Assuming the null hypothesis is true
Why is this so important? Let's look at the example of Fred's coin that may or may not be weighted.
Fair coin?
Recall Fred had a coin that he suspects of being weighted. He wants to flip the coin 400 times and run a hypothesis test so that he can test the claim that the coin is fair. That is, he wants to test the null hypothesis:
H0: π = 0.5
His alternative hypothesis is that the coin is not fair:
HA: π ≠ 0.5
So under the methodology of hypothesis testing, he would start by assuming that the coin is fair. That is, the proportion of times that a head shows up is 50%. In other words, for the purposes of running the test he would assume that π = 0.5.
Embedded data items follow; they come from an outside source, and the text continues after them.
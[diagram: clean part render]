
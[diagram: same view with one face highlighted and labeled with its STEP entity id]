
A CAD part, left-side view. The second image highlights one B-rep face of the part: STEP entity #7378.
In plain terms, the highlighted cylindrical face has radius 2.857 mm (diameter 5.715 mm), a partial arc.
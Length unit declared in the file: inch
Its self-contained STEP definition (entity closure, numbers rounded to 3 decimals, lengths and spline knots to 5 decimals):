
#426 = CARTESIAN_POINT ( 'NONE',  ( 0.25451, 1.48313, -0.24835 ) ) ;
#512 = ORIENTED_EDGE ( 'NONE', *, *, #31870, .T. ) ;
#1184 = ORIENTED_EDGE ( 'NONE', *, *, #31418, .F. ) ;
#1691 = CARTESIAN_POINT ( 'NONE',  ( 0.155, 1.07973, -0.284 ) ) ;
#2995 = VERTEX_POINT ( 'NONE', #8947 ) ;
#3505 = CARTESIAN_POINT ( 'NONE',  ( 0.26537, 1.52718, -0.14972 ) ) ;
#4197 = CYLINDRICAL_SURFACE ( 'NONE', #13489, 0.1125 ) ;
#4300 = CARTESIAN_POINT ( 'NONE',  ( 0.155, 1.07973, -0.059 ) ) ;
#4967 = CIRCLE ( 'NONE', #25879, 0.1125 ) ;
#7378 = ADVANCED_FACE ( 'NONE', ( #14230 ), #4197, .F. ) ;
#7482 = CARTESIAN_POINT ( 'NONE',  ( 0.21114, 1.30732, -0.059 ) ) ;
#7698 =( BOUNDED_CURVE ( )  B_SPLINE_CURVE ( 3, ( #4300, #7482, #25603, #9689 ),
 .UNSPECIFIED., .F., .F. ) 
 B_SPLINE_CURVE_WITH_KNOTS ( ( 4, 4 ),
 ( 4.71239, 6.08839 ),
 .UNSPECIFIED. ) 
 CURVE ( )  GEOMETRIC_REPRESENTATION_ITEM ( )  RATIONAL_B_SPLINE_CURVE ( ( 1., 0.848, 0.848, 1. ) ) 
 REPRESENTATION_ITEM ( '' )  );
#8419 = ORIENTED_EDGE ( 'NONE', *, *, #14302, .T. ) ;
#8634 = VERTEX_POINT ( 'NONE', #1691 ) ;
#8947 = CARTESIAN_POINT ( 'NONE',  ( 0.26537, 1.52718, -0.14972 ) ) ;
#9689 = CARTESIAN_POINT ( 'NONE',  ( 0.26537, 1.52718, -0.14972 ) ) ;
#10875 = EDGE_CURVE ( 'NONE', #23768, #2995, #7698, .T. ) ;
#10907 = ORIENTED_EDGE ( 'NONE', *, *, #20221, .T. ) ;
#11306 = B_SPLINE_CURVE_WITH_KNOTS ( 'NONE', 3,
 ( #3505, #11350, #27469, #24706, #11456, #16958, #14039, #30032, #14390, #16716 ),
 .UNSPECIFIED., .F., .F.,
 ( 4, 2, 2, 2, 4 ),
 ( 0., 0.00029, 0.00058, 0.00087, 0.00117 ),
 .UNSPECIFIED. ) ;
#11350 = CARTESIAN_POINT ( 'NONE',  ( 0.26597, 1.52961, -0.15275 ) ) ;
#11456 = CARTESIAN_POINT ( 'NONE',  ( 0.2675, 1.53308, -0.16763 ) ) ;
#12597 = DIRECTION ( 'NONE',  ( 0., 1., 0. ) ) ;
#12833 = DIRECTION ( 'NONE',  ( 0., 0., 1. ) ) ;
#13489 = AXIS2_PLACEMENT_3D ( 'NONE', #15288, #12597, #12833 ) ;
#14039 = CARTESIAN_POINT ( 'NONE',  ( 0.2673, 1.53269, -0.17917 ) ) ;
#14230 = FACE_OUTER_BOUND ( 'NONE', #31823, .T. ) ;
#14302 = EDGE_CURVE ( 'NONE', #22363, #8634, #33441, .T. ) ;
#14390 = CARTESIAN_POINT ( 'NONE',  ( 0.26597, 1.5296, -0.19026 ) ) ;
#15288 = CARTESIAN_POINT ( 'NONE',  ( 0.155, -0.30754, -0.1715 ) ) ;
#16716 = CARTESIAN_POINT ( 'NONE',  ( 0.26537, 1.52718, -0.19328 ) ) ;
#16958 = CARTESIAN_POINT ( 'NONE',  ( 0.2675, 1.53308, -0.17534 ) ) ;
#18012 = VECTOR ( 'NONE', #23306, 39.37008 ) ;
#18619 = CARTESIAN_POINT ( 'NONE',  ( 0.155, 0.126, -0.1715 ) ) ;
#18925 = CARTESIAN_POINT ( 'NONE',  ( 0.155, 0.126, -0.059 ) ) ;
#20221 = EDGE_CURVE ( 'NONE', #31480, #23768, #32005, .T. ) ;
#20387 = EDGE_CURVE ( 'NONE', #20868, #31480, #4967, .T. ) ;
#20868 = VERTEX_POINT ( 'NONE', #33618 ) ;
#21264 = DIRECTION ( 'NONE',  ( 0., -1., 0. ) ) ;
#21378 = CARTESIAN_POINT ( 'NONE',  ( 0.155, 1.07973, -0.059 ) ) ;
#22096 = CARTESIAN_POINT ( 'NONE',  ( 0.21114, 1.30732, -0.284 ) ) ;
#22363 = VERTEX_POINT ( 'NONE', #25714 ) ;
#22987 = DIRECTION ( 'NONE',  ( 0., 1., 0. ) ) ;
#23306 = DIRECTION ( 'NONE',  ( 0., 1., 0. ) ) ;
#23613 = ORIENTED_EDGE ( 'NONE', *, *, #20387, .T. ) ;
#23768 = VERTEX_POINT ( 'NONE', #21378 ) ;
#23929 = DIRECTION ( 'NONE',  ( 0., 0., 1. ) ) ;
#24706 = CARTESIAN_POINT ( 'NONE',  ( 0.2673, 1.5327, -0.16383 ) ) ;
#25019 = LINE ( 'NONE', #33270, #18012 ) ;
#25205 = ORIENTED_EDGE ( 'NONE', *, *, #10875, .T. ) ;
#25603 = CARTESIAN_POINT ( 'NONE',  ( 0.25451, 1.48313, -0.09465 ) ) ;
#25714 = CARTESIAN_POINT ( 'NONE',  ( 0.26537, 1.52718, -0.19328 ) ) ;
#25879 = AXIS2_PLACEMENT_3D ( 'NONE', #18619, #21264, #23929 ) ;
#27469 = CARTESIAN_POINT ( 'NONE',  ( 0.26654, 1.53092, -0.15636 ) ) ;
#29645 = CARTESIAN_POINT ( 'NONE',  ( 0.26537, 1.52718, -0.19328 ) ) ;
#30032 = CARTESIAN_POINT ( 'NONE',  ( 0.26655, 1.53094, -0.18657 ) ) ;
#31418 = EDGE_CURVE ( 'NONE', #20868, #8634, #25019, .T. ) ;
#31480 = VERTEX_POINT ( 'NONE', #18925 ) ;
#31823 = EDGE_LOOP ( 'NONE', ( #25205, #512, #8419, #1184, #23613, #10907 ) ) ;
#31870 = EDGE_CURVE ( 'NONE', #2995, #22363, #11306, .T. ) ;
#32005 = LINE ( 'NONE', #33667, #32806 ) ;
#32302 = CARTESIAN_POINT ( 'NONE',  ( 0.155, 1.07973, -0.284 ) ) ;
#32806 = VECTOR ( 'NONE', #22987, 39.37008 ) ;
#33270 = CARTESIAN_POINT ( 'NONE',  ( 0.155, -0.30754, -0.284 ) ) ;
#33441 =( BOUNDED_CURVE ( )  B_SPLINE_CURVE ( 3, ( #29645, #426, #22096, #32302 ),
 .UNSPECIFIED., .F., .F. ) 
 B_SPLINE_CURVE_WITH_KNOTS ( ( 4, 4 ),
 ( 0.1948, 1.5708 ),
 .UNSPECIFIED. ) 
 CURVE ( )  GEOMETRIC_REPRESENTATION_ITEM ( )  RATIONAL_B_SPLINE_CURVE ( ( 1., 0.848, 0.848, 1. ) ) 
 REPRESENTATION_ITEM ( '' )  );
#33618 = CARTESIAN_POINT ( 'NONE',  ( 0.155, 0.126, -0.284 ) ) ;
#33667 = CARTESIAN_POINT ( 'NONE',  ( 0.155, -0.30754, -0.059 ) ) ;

So where does an assumption like this get us?
Put simply, it tells us what to expect out of any sample we might collect. And if the sample we do collect goes too far against this expectation, we will reject the assumption - and reject the null hypothesis.
But we can be more precise than this by looking at sampling distributions. Assuming that the population proportion π is 0.5 can actually tell us quite a bit about what to 'expect'. Think about the sampling distribution of the proportion, P.
Recall that P approximately follows the normal distribution with mean π and standard deviation (π(1 - π)/n)1/2. But under the assumption that the null hypothesis is correct, we know π is 0.5. And if Fred flips the coin 400 times, we know n = 400. So actually, we can say that P approximately follows the normal distribution with mean 0.5 and standard deviation 0.025.
We've gotten quite far with that assumption!
And what do we know about the normal distribution? We know things like:
95% of all values fall within 1.96 standard deviations of the mean
Relating this to the sampling distribution, we can say that:
For 95% of all samples (of size 400), the sample proportion will be within 1.96 × 0.025 = 0.049 of the population proportion 0.5.
In other words, making the assumption that the null hypothesis is correct, we can say that 95% of all samples will give a sample proportion somewhere between 0.451 and 0.549. (Relating this to the physical number of heads and tails, this means that 95% of the time that a sample of 400 coin flips is observed, the number of heads will be between 400 × 0.451 = 180.4 and 400 × 0.549 = 219.6.)
Again, all of this comes from the simple assumption that the coin is fair. So you might say that, since we are assuming that the null hypothesis is true, we 'expect' to collect a sample with a sample proportion between 0.451 and 0.549.